The material beneath this line should be printed exactly, with its pictures omitted.
===== INFORMATION GIVEN
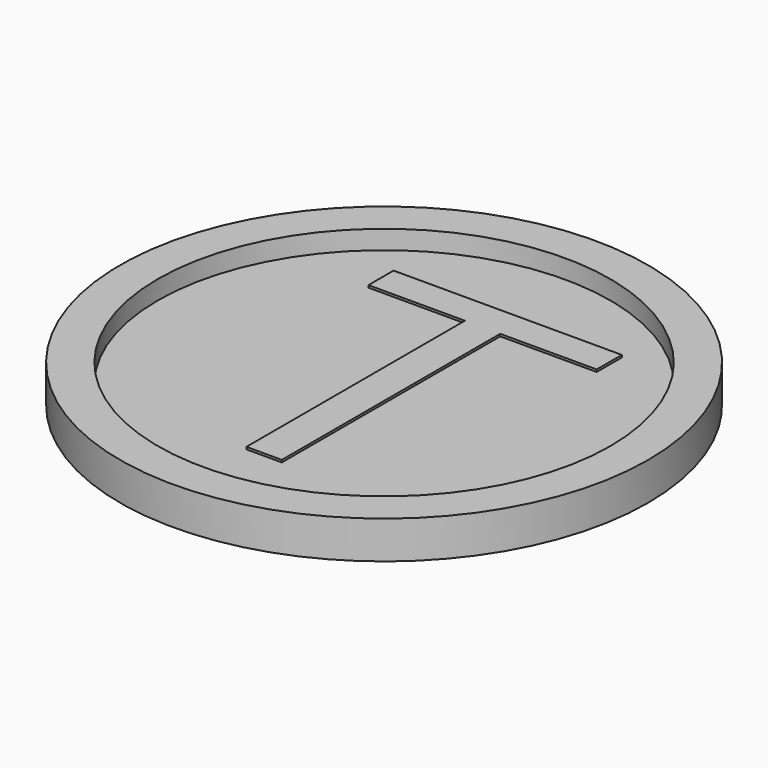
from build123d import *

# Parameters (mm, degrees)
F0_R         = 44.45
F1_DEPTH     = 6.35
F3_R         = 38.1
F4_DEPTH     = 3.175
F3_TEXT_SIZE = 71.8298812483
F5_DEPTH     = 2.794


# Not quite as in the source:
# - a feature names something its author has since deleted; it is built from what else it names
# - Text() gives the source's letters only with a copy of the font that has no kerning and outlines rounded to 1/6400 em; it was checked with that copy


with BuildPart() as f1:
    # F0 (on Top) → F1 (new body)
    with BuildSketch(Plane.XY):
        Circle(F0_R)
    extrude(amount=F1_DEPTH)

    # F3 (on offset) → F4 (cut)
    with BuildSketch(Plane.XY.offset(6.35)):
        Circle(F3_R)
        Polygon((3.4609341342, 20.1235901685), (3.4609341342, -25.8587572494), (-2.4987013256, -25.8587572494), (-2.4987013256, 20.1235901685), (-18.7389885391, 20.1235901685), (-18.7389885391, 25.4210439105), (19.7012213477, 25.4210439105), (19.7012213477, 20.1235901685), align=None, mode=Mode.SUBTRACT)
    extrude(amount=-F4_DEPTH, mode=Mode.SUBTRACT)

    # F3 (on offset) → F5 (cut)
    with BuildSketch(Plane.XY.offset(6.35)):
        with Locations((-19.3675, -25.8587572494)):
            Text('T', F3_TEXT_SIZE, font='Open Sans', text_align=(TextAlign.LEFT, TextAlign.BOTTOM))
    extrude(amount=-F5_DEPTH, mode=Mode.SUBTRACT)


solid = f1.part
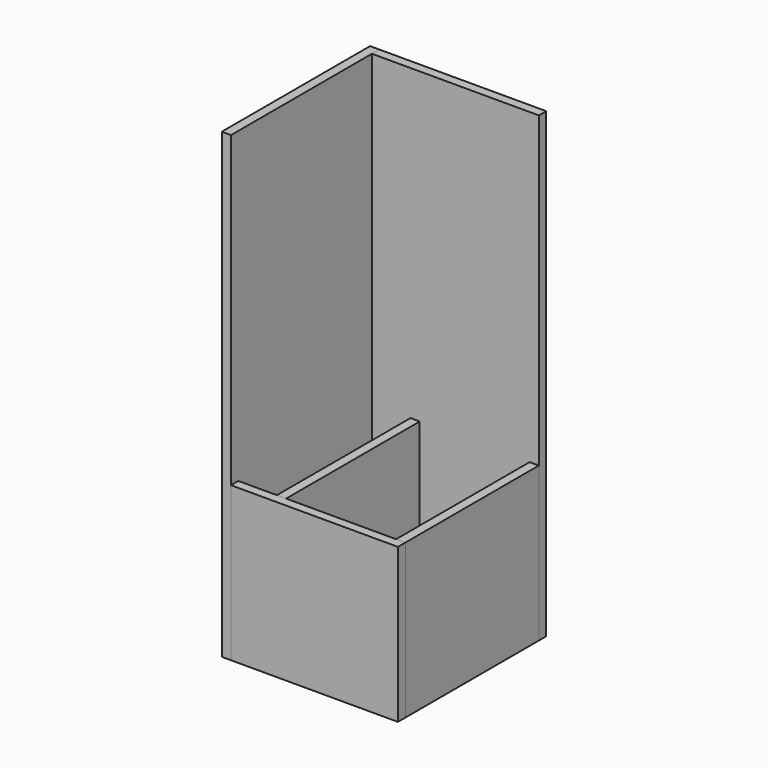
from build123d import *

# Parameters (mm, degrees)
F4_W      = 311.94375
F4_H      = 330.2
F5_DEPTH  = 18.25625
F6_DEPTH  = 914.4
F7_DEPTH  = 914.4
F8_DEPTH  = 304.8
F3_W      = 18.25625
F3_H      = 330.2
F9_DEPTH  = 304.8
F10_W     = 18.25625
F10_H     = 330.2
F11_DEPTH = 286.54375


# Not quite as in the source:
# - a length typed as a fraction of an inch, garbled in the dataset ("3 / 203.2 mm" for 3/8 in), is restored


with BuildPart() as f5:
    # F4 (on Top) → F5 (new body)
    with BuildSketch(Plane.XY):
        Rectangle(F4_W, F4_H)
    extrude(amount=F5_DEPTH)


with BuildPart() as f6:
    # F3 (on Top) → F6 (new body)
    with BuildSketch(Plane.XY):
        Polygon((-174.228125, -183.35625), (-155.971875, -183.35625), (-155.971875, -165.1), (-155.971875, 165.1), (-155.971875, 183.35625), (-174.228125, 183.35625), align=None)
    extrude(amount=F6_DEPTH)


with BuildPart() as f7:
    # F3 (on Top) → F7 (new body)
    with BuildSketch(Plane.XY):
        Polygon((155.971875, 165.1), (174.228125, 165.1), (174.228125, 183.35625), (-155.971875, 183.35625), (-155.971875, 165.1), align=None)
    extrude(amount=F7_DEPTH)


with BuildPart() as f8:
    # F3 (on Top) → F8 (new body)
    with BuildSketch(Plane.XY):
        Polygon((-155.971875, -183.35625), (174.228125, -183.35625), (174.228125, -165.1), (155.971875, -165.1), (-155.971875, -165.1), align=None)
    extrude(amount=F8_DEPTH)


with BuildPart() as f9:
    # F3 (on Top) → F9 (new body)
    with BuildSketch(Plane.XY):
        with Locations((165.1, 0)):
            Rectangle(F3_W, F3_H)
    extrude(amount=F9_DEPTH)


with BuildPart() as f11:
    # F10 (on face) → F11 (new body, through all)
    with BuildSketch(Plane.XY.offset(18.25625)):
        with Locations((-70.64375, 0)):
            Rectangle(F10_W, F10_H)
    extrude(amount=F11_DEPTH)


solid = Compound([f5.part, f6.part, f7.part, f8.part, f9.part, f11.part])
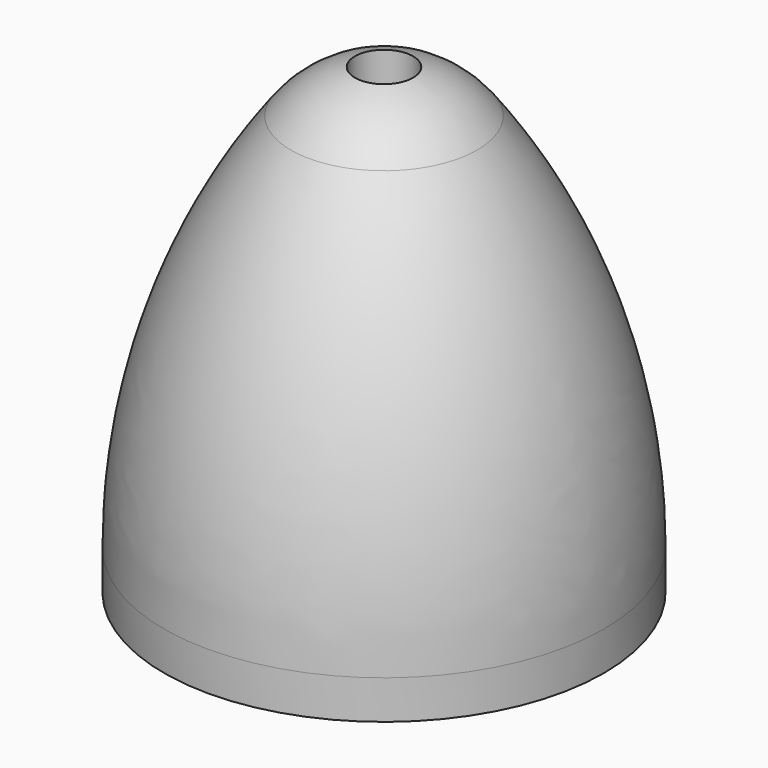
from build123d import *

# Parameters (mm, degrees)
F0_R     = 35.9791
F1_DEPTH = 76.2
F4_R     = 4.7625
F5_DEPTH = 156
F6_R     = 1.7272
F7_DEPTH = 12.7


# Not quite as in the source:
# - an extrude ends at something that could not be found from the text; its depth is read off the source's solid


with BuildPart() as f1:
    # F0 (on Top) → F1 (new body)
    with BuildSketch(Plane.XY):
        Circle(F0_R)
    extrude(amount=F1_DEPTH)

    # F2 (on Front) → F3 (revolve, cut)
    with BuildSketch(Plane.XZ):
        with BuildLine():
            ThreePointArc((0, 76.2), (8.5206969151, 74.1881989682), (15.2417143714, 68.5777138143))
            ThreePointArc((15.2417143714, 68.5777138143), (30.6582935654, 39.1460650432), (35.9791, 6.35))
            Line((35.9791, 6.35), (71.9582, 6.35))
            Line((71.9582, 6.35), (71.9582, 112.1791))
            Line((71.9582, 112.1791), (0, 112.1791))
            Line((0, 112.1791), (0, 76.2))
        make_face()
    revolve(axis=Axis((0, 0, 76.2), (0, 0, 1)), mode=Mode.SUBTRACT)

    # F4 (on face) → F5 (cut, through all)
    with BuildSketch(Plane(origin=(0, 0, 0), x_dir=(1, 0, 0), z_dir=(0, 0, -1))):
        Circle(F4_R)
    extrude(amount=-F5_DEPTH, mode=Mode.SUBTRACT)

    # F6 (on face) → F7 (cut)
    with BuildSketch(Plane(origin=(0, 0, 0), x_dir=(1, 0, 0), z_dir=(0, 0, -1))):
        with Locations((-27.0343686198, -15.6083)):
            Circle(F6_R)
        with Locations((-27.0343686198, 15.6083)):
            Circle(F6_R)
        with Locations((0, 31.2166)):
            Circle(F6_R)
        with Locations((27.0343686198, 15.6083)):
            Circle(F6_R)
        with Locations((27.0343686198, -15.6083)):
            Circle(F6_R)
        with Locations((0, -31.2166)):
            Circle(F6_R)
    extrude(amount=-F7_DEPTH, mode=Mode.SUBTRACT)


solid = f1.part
==========
OUTPUT FOR THIS TASK
from build123d import *

# Parameters (mm, degrees)
F0_R         = 44.45
F1_DEPTH     = 6.35
F3_R         = 38.1
F4_DEPTH     = 3.175
F3_TEXT_SIZE = 71.8298812483
F5_DEPTH     = 2.794


# Not quite as in the source:
# - a feature names something its author has since deleted; it is built from what else it names
# - Text() gives the source's letters only with a copy of the font that has no kerning and outlines rounded to 1/6400 em; it was checked with that copy


with BuildPart() as f1:
    # F0 (on Top) → F1 (new body)
    with BuildSketch(Plane.XY):
        Circle(F0_R)
    extrude(amount=F1_DEPTH)

    # F3 (on offset) → F4 (cut)
    with BuildSketch(Plane.XY.offset(6.35)):
        Circle(F3_R)
        Polygon((3.4609341342, 20.1235901685), (3.4609341342, -25.8587572494), (-2.4987013256, -25.8587572494), (-2.4987013256, 20.1235901685), (-18.7389885391, 20.1235901685), (-18.7389885391, 25.4210439105), (19.7012213477, 25.4210439105), (19.7012213477, 20.1235901685), align=None, mode=Mode.SUBTRACT)
    extrude(amount=-F4_DEPTH, mode=Mode.SUBTRACT)

    # F3 (on offset) → F5 (cut)
    with BuildSketch(Plane.XY.offset(6.35)):
        with Locations((-19.3675, -25.8587572494)):
            Text('T', F3_TEXT_SIZE, font='Open Sans', text_align=(TextAlign.LEFT, TextAlign.BOTTOM))
    extrude(amount=-F5_DEPTH, mode=Mode.SUBTRACT)


solid = f1.part
from build123d import *

# Parameters (mm, degrees)
F4_W      = 311.94375
F4_H      = 330.2
F5_DEPTH  = 18.25625
F6_DEPTH  = 914.4
F7_DEPTH  = 914.4
F8_DEPTH  = 304.8
F3_W      = 18.25625
F3_H      = 330.2
F9_DEPTH  = 304.8
F10_W     = 18.25625
F10_H     = 330.2
F11_DEPTH = 286.54375


# Not quite as in the source:
# - a length typed as a fraction of an inch, garbled in the dataset ("3 / 203.2 mm" for 3/8 in), is restored


with BuildPart() as f5:
    # F4 (on Top) → F5 (new body)
    with BuildSketch(Plane.XY):
        Rectangle(F4_W, F4_H)
    extrude(amount=F5_DEPTH)


with BuildPart() as f6:
    # F3 (on Top) → F6 (new body)
    with BuildSketch(Plane.XY):
        Polygon((-174.228125, -183.35625), (-155.971875, -183.35625), (-155.971875, -165.1), (-155.971875, 165.1), (-155.971875, 183.35625), (-174.228125, 183.35625), align=None)
    extrude(amount=F6_DEPTH)


with BuildPart() as f7:
    # F3 (on Top) → F7 (new body)
    with BuildSketch(Plane.XY):
        Polygon((155.971875, 165.1), (174.228125, 165.1), (174.228125, 183.35625), (-155.971875, 183.35625), (-155.971875, 165.1), align=None)
    extrude(amount=F7_DEPTH)


with BuildPart() as f8:
    # F3 (on Top) → F8 (new body)
    with BuildSketch(Plane.XY):
        Polygon((-155.971875, -183.35625), (174.228125, -183.35625), (174.228125, -165.1), (155.971875, -165.1), (-155.971875, -165.1), align=None)
    extrude(amount=F8_DEPTH)


with BuildPart() as f9:
    # F3 (on Top) → F9 (new body)
    with BuildSketch(Plane.XY):
        with Locations((165.1, 0)):
            Rectangle(F3_W, F3_H)
    extrude(amount=F9_DEPTH)


with BuildPart() as f11:
    # F10 (on face) → F11 (new body, through all)
    with BuildSketch(Plane.XY.offset(18.25625)):
        with Locations((-70.64375, 0)):
            Rectangle(F10_W, F10_H)
    extrude(amount=F11_DEPTH)


solid = Compound([f5.part, f6.part, f7.part, f8.part, f9.part, f11.part])
from build123d import *

# Parameters (mm, degrees)
F0_R     = 35.9791
F1_DEPTH = 76.2
F4_R     = 4.7625
F5_DEPTH = 156
F6_R     = 1.7272
F7_DEPTH = 12.7


# Not quite as in the source:
# - an extrude ends at something that could not be found from the text; its depth is read off the source's solid


with BuildPart() as f1:
    # F0 (on Top) → F1 (new body)
    with BuildSketch(Plane.XY):
        Circle(F0_R)
    extrude(amount=F1_DEPTH)

    # F2 (on Front) → F3 (revolve, cut)
    with BuildSketch(Plane.XZ):
        with BuildLine():
            ThreePointArc((0, 76.2), (8.5206969151, 74.1881989682), (15.2417143714, 68.5777138143))
            ThreePointArc((15.2417143714, 68.5777138143), (30.6582935654, 39.1460650432), (35.9791, 6.35))
            Line((35.9791, 6.35), (71.9582, 6.35))
            Line((71.9582, 6.35), (71.9582, 112.1791))
            Line((71.9582, 112.1791), (0, 112.1791))
            Line((0, 112.1791), (0, 76.2))
        make_face()
    revolve(axis=Axis((0, 0, 76.2), (0, 0, 1)), mode=Mode.SUBTRACT)

    # F4 (on face) → F5 (cut, through all)
    with BuildSketch(Plane(origin=(0, 0, 0), x_dir=(1, 0, 0), z_dir=(0, 0, -1))):
        Circle(F4_R)
    extrude(amount=-F5_DEPTH, mode=Mode.SUBTRACT)

    # F6 (on face) → F7 (cut)
    with BuildSketch(Plane(origin=(0, 0, 0), x_dir=(1, 0, 0), z_dir=(0, 0, -1))):
        with Locations((-27.0343686198, -15.6083)):
            Circle(F6_R)
        with Locations((-27.0343686198, 15.6083)):
            Circle(F6_R)
        with Locations((0, 31.2166)):
            Circle(F6_R)
        with Locations((27.0343686198, 15.6083)):
            Circle(F6_R)
        with Locations((27.0343686198, -15.6083)):
            Circle(F6_R)
        with Locations((0, -31.2166)):
            Circle(F6_R)
    extrude(amount=-F7_DEPTH, mode=Mode.SUBTRACT)


solid = f1.part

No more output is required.